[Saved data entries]
##############################

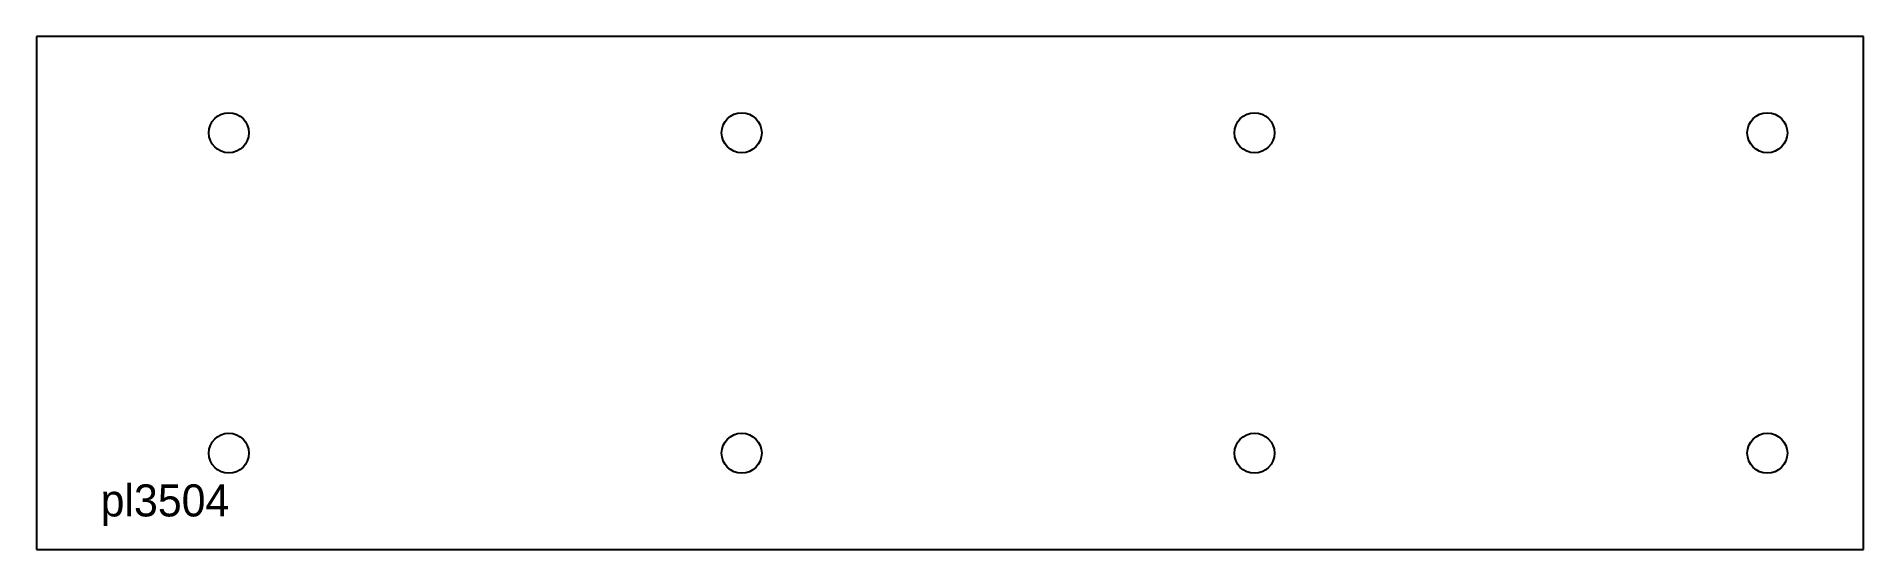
# Model space of a CAD drawing. Extents: x 0 to 57, y 0 to 16.
import ezdxf

# ---------------------------------------------------------------- set-up
doc = ezdxf.new("R2010")
doc.units = 0
doc.header["$MEASUREMENT"] = 0
doc.layers.add('BURN', color=1, linetype='CONTINUOUS')
doc.layers.add('SCRIBE', color=1, linetype='CONTINUOUS')

msp = doc.modelspace()

# ---------------------------------------------------------------- linework, layer by layer
at = {"layer": 'BURN'}
for p, q in [((57, 16), (0, 16)), ((0, 16), (0, 0)), ((57, 0), (57, 16)), ((0, 0), (57, 0))]:
    msp.add_line(p, q, dxfattribs=at)
for centre in [(6, 13), (22, 13), (38, 13), (54, 13), (6, 3), (22, 3), (38, 3), (54, 3)]:
    msp.add_circle(centre, 0.625, dxfattribs=at)

# ---------------------------------------------------------------- texts
at = {"layer": 'SCRIBE'}
msp.add_text('pl3504', height=1, dxfattribs=at).set_placement((2, 1.03))

doc.saveas('drawing.dxf')

##############################

• _What you will do_
In the entries above, some lines hold the string "drawing". Copy each of them.

• _Your solution_
# Model space of a CAD drawing. Extents: x 0 to 57, y 0 to 16.
doc.saveas('drawing.dxf')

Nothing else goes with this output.